Rwanda Lifts Reservation on Abortion Provision in Maputo Protocol
(PRESS RELEASE) Affirming the importance of women’s access to safe and legal abortion, the Rwandan government has lifted its reservation to Article 14(2)(c) of the African Charter on Human and People’s Rights of Women in Africa (also known as the Maputo Protocol). The Maputo Protocol is the only international treaty that explicitly guarantees the right to legal abortion. Under the Protocol, the Rwandan government is now required to “protect the reproductive rights of women by authorizing medical abortion in cases of sexual assault, rape, incest, and where the continued pregnancy endangers the mental and physical health of the mother or the life of the mother or the fetus.”
This development comes on the heels of a significant reform to Rwanda’s abortion law. The Rwandan Government recently signed into law a new penal code reducing harsh criminal penalties against women who terminate their pregnancies and doctors who perform abortions.
“Rwanda has taken a critical step forward in its efforts to respect women’s fundamental reproductive and human rights by expanding the grounds upon which abortion is legally permitted,” said Elisa Slattery, regional director for Africa at the Center for Reproductive Rights. “Women who become pregnant as a result of rape, incest, or forced marriage – or whose pregnancy endangers their health – are now legally entitled to safe abortion services.”
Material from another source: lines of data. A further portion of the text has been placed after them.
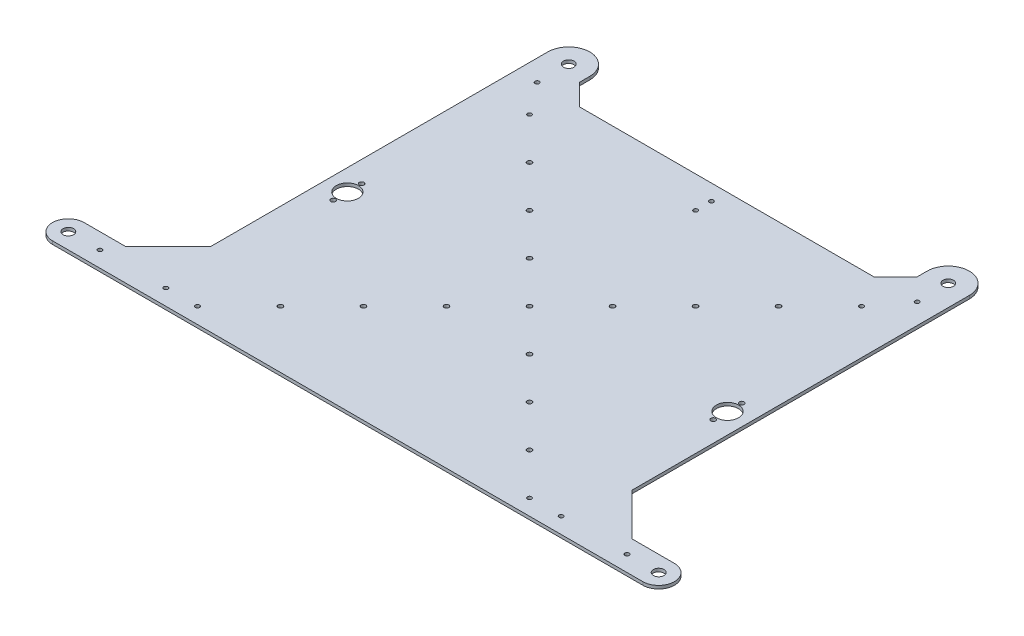
SolidWorks part; units mm, degrees
ref_plane "Front Plane" through (0, 0, 0) normal (0, 0, 1) x (1, 0, 0)
ref_plane "Top Plane" through (0, 0, 0) normal (0, 1, 0) x (1, 0, 0)
ref_plane "Right Plane" through (0, 0, 0) normal (1, 0, 0) x (0, 0, -1)
sketch "Sketch1" plane through (0, 0, 0) normal (0, 1, 0) x (1, 0, 0)
  line L0 (0, 0) -> (0, -157.5) construction
  line L1 (0, -157.5) -> (-280, -157.5) construction
  line L2 (0, -157.5) -> (280, -157.5) construction
  line L3 (-200.2852, -142.5) -> (199.7148, -142.5) construction
  line L4 (-200.2852, -142.5) -> (-280, -142.5)
  line L5 (-157.5, 157.5) -> (157.5, -157.5) construction
  line L6 (-157.5, -157.5) -> (157.5, 157.5) construction
  line L7 (-200.2852, -142.5) -> (-200.2852, 187.5)
  line L8 (-160.2852, 187.5) -> (199.7148, 187.5)
  line L9 (199.7148, 187.5) -> (199.7148, -142.5)
  line L10 (-280, -172.5) -> (280, -172.5)
  line L11 (-180.2852, 172.5) -> (-180.2852, -157.5) construction
  line L12 (280, -142.5) -> (199.7148, -142.5)
  line L13 (-200.2852, 187.5) -> (-200.2852, 217.5)
  line L15 (-160.2852, 217.5) -> (-160.2852, 187.5)
  circle A0 centre (-157.5, 157.5) radius 2
  circle A1 centre (157.5, 157.5) radius 2
  circle A2 centre (157.5, -157.5) radius 2
  circle A3 centre (-157.5, -157.5) radius 2
  circle A4 centre (-280, -157.5) radius 5
  circle A5 centre (280, -157.5) radius 5
  arc A6 (-280, -142.5) -> (-280, -172.5) centre (-280, -157.5) ccw
  arc A7 (280, -172.5) -> (280, -142.5) centre (280, -157.5) ccw
  circle A8 centre (-250, -157.5) radius 2
  circle A9 centre (250, -157.5) radius 2
  circle A15 centre (-180.2852, 7.5) radius 10.5
  circle A16 centre (-180.2852, 21) radius 2.25
  circle A17 centre (-180.2852, -6) radius 2.25
  circle A18 centre (180.2852, -6) radius 2.25
  circle A19 centre (180.2852, 21) radius 2.25
  circle A20 centre (180.2852, 7.5) radius 10.5
  circle A21 centre (-180.2852, 217.5) radius 5
  arc A22 (-200.2852, 217.5) -> (-160.2852, 217.5) centre (-180.2852, 217.5) cw
  point P0 (0, 0)
  dimension "D3" = 445.4773
  dimension "D2" = 4
  dimension "D6" = 10
  dimension "D8" = 30
  dimension "D18" = 21
  dimension "D21" = 4.5
  dimension "D1" = 315
  dimension "D4" = 445.4773
  dimension "D9" = 30
  dimension "D10" = 400
  dimension "D11" = 20
  dimension "D12" = 15
  dimension "D17" = 330
  dimension "D19" = 27
  dimension "D20" = 13.5
  dimension "D23" = 280
extrude "Boss-Extrude1" add sketch "Sketch1" along normal blind 3
sketch "Sketch2" plane through (0, 3, 0) normal (0, 1, 0) x (1, 0, 0)
  line L0 (199.7148, 187.5) -> (199.7148, 217.5)
  line L1 (159.7148, 217.5) -> (159.7148, 187.5)
  line L2 (199.7148, 187.5) -> (-160.2852, 187.5) construction
  line L3 (199.7148, 187.5) -> (159.7148, 187.5)
  arc A0 (199.7148, 217.5) -> (159.7148, 217.5) centre (179.7148, 217.5) ccw
  circle A1 centre (179.7148, 217.5) radius 5
  circle A2 centre (179.7148, 172.5) radius 5 construction
  dimension "D1" = 20
  dimension "D2" = 0
extrude "Boss-Extrude2" add sketch "Sketch2" against normal up to surface (3 mm away) up to face at (-32.1711, 0, 8.5)
chamfer "Chamfer2" distance 20 angle 45 2 edges at (-160.2852, 1.5, -187.5) (159.7148, 1.5, -187.5)
chamfer "Chamfer3" distance 40 angle 45 2 edges at (199.7148, 1.5, 142.5) (-200.2852, 1.5, 142.5)
sketch "Sketch3" plane through (0, 3, 0) normal (0, 1, 0) x (1, 0, 0)
  line L0 (-180.2852, 217.5) -> (-180.2852, 187.5) construction
  circle A0 centre (-180.2852, 187.5) radius 2
  circle A1 centre (-250, -157.5) radius 2 construction
  dimension "D1" = 30
extrude "Cut-Extrude1" cut sketch "Sketch3" against normal blind 10
mirror "Mirror1" about plane through (0, 0, 0) normal (1, 0, 0) of "Cut-Extrude1"
sketch "Sketch5" plane through (0, 3, 0) normal (0, 1, 0) x (1, 0, 0)
  line L1 (0, 0) -> (39.375, -39.375) construction
  line L2 (39.375, -39.375) -> (78.75, -78.75) construction
  line L3 (78.75, -78.75) -> (118.125, -118.125) construction
  line L4 (118.125, -118.125) -> (157.5, -157.5) construction
  circle A0 centre (118.125, -118.125) radius 2.25
  circle A1 centre (78.75, -78.75) radius 2.25
  circle A2 centre (39.375, -39.375) radius 2.25
  circle A3 centre (-39.375, -39.375) radius 2.25
  circle A4 centre (-78.75, -78.75) radius 2.25
  circle A5 centre (-118.125, -118.125) radius 2.25
  circle A6 centre (-39.375, 39.375) radius 2.25
  circle A7 centre (-78.75, 78.75) radius 2.25
  circle A8 centre (-118.125, 118.125) radius 2.25
  circle A9 centre (39.375, 39.375) radius 2.25
  circle A10 centre (78.75, 78.75) radius 2.25
  circle A11 centre (118.125, 118.125) radius 2.25
  circle A12 centre (0, 0) radius 2.25
  point P32 (0, 0)
  dimension "D1" = 4.5
  dimension "D2" = 4
extrude "Cut-Extrude2" cut sketch "Sketch5" against normal blind 10
sketch "Sketch6" plane through (0, 3, 0) normal (0, 1, 0) x (1, 0, 0)
  line L0 (-157.5, 157.5) -> (157.5, 157.5) construction
  line L1 (-157.5, -157.5) -> (-187.5, -157.5) construction
  line L2 (0, -172.5) -> (0, -106.4898) construction
  line L3 (-280, -172.5) -> (280, -172.5) construction
  circle A0 centre (0, 157.5) radius 2
  circle A1 centre (157.5, 157.5) radius 2 construction
  circle A2 centre (-187.5, -157.5) radius 2
  circle A3 centre (-157.5, -157.5) radius 2 construction
  circle A4 centre (187.5, -157.5) radius 2
  dimension "D1" = 30
extrude "Cut-Extrude3" cut sketch "Sketch6" against normal blind 171
sketch "Sketch7" plane through (0, 3, 0) normal (0, 1, 0) x (1, 0, 0)
  circle A0 centre (0, 172.5) radius 2
  circle A1 centre (0, 157.5) radius 2 construction
extrude "Cut-Extrude4" cut sketch "Sketch7" against normal blind 22

“We hope other African nations follow Rwanda’s lead and affirm women’s fundamental reproductive rights by ratifying the Maputo Protocol without reservations.”
With the passing of the law and the removal of its reservation to the abortion provision in the Maputo Protocol, Rwanda has made significant strides in ensuring compliance with its minimum obligations under international and regional human rights law. However, Rwanda’s new law still imposes barriers that could prevent women from accessing legal abortions. Under the revised law, women who are pregnant as a result of rape, forced marriage or incest and seeking an abortion must get written approval from the court first. Further, it requires that anyone performing a legal abortion be a licensed medical doctor and consult with another physician before the procedure. These can be significant barriers for women that can cost money, waste time, and dangerously delay critical health care.
Unsafe abortion is one of the most easily preventable causes of maternal mortality and Rwanda has one of the worst ratios in the world, at 340 deaths per 100,000 live births, according to the World Health Organization (WHO).
In June, WHO released its updated safe abortion guidance, which states that officials must create an enabling environment “to ensure that every woman who is legally eligible has ready access to safe abortion care” and remove “barriers that hinder access to and timely provision of safe abortion care.” Rwanda’s revised law is an important step toward reducing the number of women who die due to unsafe abortion every year.